Related Works and What I Could've Done Better

In the article Billboard Hot 100 Analytics, Rosebud Anwuri analyzed Billboard's Hot 100 charts from 1950–2015 (with data from https://github.com/kevinschaich/billboard) using Spotify’s API. She noticed a trend towards less instrumentals and more speechiness over the decades, especially in the 1990s. She connected it with the rise of hip-hop and the types of bands that were popular: rock bands were replaced by pop bands. Finally, she showed that loudness has been on the rise over the decades.

Her findings relate to my own findings as well: especially with the speechiness of the recent songs. The data she used doesn't cover as long of a time period as mine (hers ends at 2015 while mine ends at 2018). However, the repo she took the data from had some interesting basic analysis done. In the future, I would be interested in using Spotify's API as well as looking at some of the features Kevin Schaich added to his dataset.

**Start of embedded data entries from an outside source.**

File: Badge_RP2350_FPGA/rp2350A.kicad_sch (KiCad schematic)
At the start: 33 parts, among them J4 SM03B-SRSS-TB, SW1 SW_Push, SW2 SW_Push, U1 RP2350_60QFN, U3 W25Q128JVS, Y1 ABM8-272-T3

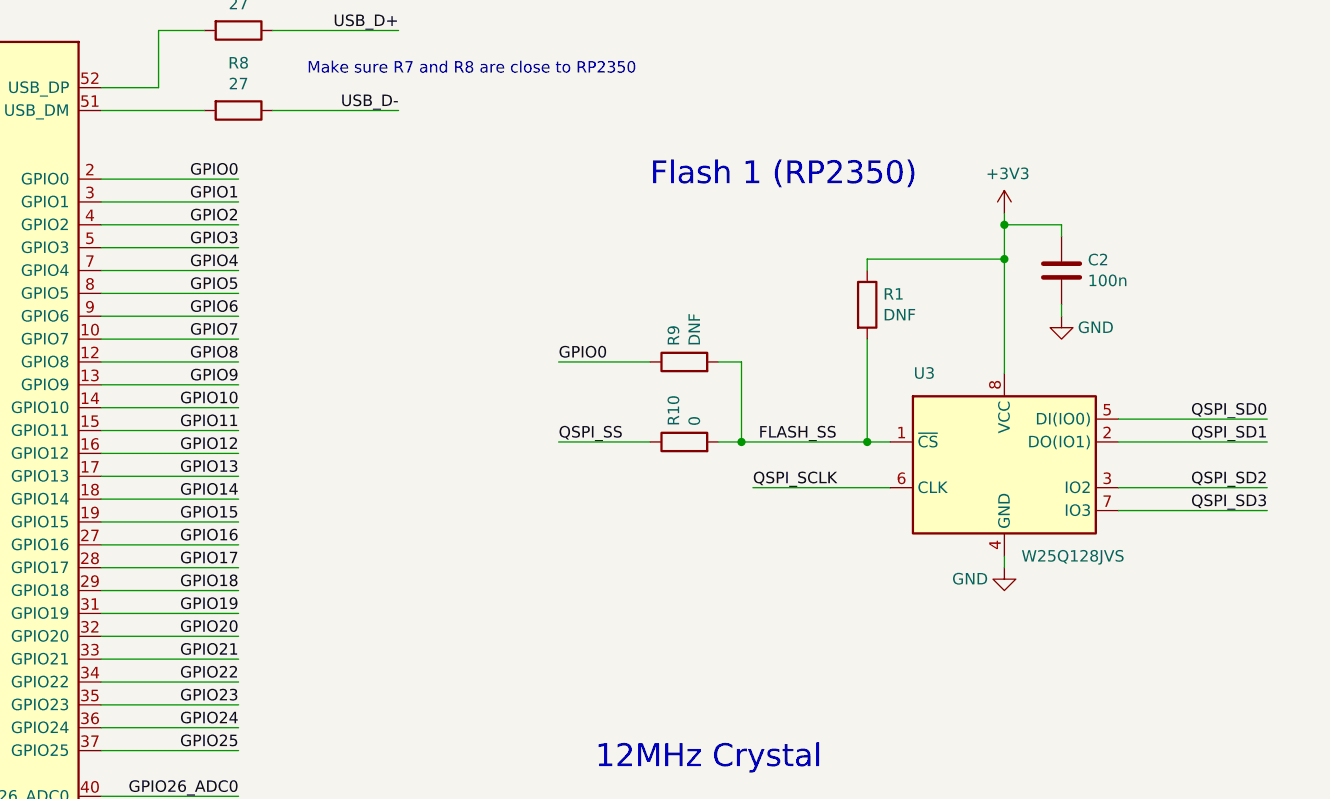
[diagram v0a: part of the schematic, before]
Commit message: add jtag connection
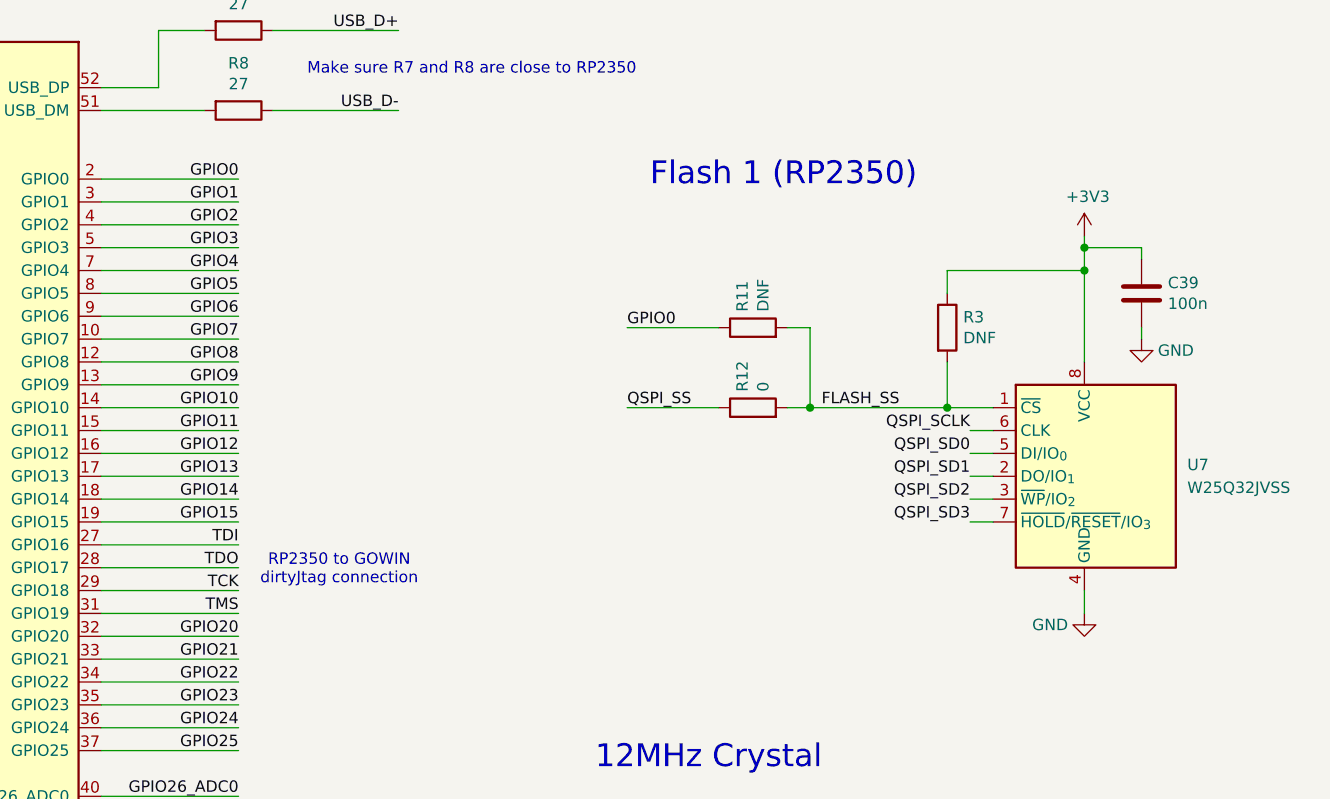
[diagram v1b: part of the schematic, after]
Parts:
- removed C2: 100n, Capacitor_SMD:C_0402_1005Metric, symbol Device:C
- removed R1, R9: DNF, Resistor_SMD:R_0402_1005Metric, symbol Device:R
- removed R10: 0, Resistor_SMD:R_0402_1005Metric, symbol Device:R
- removed U3: W25Q128JVS, Package_SO:SOIC-8_5.23x5.23mm_P1.27mm, symbol Memory_Flash:W25Q128JVS
- added C39: 100n, Capacitor_SMD:C_0402_1005Metric, symbol Device:C
- added R11, R3: DNF, Resistor_SMD:R_0402_1005Metric, symbol Device:R
- added R12: 0, Resistor_SMD:R_0402_1005Metric, symbol Device:R
- added U7: W25Q32JVSS, Package_SO:SOIC-8_5.3x5.3mm_P1.27mm, symbol Memory_Flash:W25Q32JVSS
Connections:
- net +3V3: now also C39.1, R3.1, U7.8 (VCC)
- net FLASH_SS: now also R11.2, R12.2, R3.2, U7.1 (~{CS})
- net GND: now also C39.2, U7.4 (GND)
- net GPIO0: now also R11.1
- net QSPI_SCLK: now also U7.6 (CLK)
- net QSPI_SD0: now also U7.5 (DI/IO_{0})
- net QSPI_SD1: now also U7.2 (DO/IO_{1})
- net QSPI_SD2: now also U7.3 (~{WP}/IO_{2})
- net QSPI_SD3: now also U7.7 (~{HOLD}/~{RESET}/IO_{3})
- net QSPI_SS: now also R12.1
- net GPIO16 renamed TDI
- net GPIO17 renamed TDO
- net GPIO18 renamed TCK
- net GPIO19 renamed TMS
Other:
- note added: "RP2350 to GOWIN dirtyJtag connection"

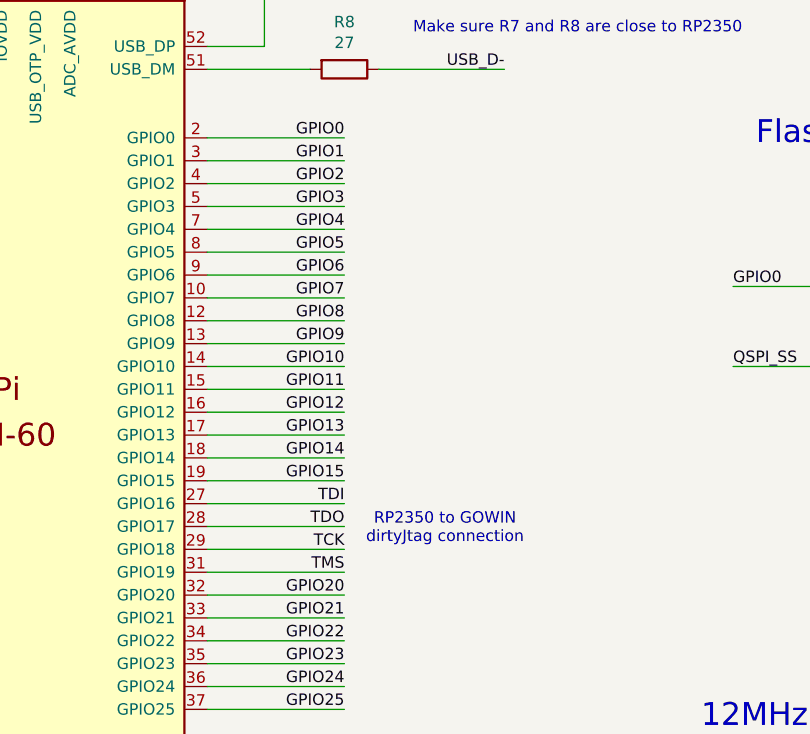
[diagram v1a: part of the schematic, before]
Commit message: add buttons by Arianna and make Flash 2 shared between 2 chips
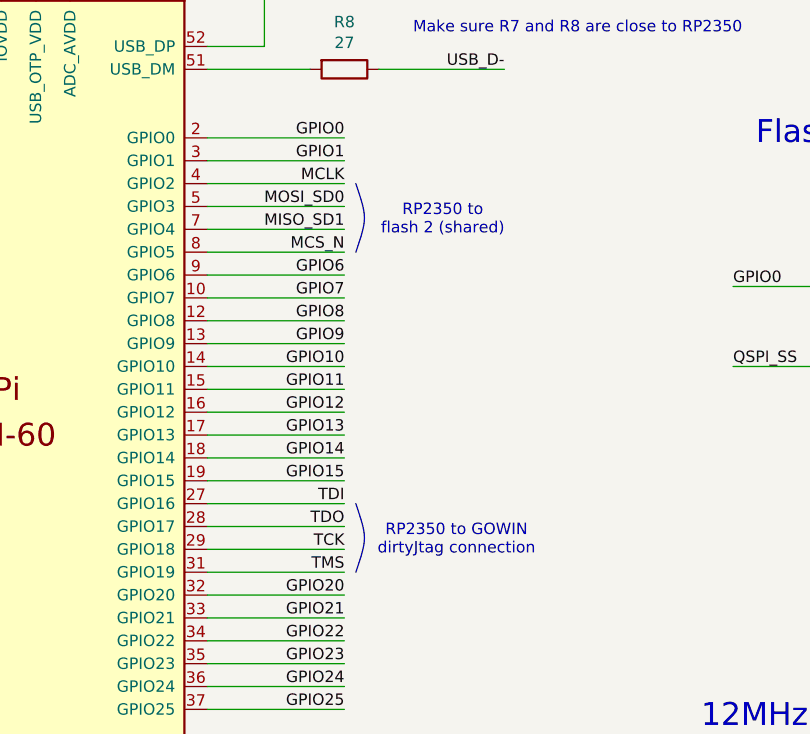
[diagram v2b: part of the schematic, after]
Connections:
- net GPIO2 renamed MCLK
- net GPIO3 renamed MOSI_SD0
- net GPIO4 renamed MISO_SD1
- net GPIO5 renamed MCS_N
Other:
- note added: "RP2350 to flash 2 (shared)"
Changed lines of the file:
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@@
 	(generator_version "10.0")
 	(paper "A4")
+	(bezier
+		(pts
+			(xy 156.21 76.2) (xy 157.48 80.01) (xy 157.48 80.01) (xy 156.21 83.82)
+		)
+		(stroke
+			(width 0)
+			(type default)
+		)
+		(fill
+			(type none)
+		)
+	)
+	(bezier
+		(pts
+			(xy 156.21 111.76) (xy 157.48 115.57) (xy 157.48 115.57) (xy 156.21 119.38)
+		)
+		(stroke
+			(width 0)
+			(type default)
+		)
+		(fill
+			(type none)
+		)
+	)
 	(circle
 		(center 43.18 65.405)
@@
 		)
 	)
+	(text "RP2350 to \nflash 2 (shared)"
+		(exclude_from_sim no)
+		(at 165.862 80.264 0)
+		(effects
+			(font
+				(size 1.27 1.27)
+			)
+		)
+	)
 	(text "JST Debug Connector"
 		(exclude_from_sim no)
@@
 	(text "RP2350 to GOWIN \ndirtyJtag connection"
 		(exclude_from_sim no)
-		(at 166.116 114.554 0)
+		(at 167.386 115.824 0)
 		(effects
 			(font
@@
 		)
 	)
-	(label "GPIO5"
-		(at 154.94 83.82 180)
-		(effects
-			(font
-				(size 1.27 1.27)
-			)
-			(justify right bottom)
-		)
-	)
 	(label "GPIO8"
 		(at 154.94 91.44 180)
@@
 		)
 	)
-	(label "GPIO2"
-		(at 154.94 76.2 180)
-		(effects
-			(font
-				(size 1.27 1.27)
-			)
-			(justify right bottom)
-		)
-	)
 	(label "GPIO27_ADC1"
 		(at 154.94 142.24 180)
@@
 		)
 	)
-	(label "GPIO4"
-		(at 154.94 81.28 180)
-		(effects
-			(font
-				(size 1.27 1.27)
-			)
-			(justify right bottom)
-		)
-	)
 	(label "QSPI_SD0"
 		(at 236.22 101.6 180)
@@
 		)
 	)
+	(label "MCS_N"
+		(at 154.94 83.82 180)
+		(effects
+			(font
+				(size 1.27 1.27)
+			)
+			(justify right bottom)
+		)
+	)
 	(label "QSPI_SCLK"
 		(at 236.22 99.06 180)
@@
 		)
 	)
+	(label "MCLK"
+		(at 154.94 76.2 180)
+		(effects
+			(font
+				(size 1.27 1.27)
+			)
+			(justify right bottom)
+		)
+	)
 	(label "USB_D-"
 		(at 172.72 63.5 180)
@@
 		)
 	)
-	(label "GPIO3"
-		(at 154.94 78.74 180)
-		(effects
-			(font
-				(size 1.27 1.27)
-			)
-			(justify right bottom)
-		)
-	)
 	(label "QSPI_SD3"
 		(at 236.22 109.22 180)
@@
 		)
 	)
+	(label "MOSI_SD0"
+		(at 154.94 78.74 180)
+		(effects
+			(font
+				(size 1.27 1.27)
+			)
+			(justify right bottom)
+		)
+	)
 	(label "GPIO12"
 		(at 154.94 101.6 180)
@@
 		)
 	)
+	(label "MISO_SD1"
+		(at 154.94 81.28 180)
+		(effects
+			(font
+				(size 1.27 1.27)
+			)
+			(justify right bottom)
+		)
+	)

However, when I first encountered these things, I knew far less than I do now so I wasn't sure how to utilize what I found.

If I had more time and/or money, I would've definitely included more songs. From certain word clouds, because I didn't have enough datapoints, certain very repetitive and song-specific phrases from certain songs (examples include: "goodnight Irene" from "Goodnight Irene", "wooly bully" from "Wooly Bully", "uptown funk you up" from "Uptown Funk") end up showing up very prominently in the data.

Additionally, in my latest iteration of the data inputed, I took the top 2 songs from each year as the corpus for each decade. As my latest data is 2018, the 2010s data contains less songs than the others, so is more subject to the individual characteristics of the songs in that decade.

Although it's not an issue now, the earlier Billboard top singles lists only lists 30 while the later ones list 50 or 100. Therefore, if I wanted a balanced dataset, the data would end up capped at 30 songs per year so if I wish to include more data, I would need to be mindful of that and perhaps find another source.

Another thing I think I could've done better was include more characteristics. As it was my first time doing web-scraping, I only managed to collect the ranking data from Wikipedia and didn't know how to efficently and accurately append data from other sources. My compromise was to manually include lyrics to the dataset, and although I was able to get a lot of interesting information from just the lyrics, if I had more information such as the gender of the artists, the genre, the length of the songs, or the sheet music, I could definitely do a more complex and insightful analysis. Perhaps after more experience, I would return to this project and redo it with more finesse.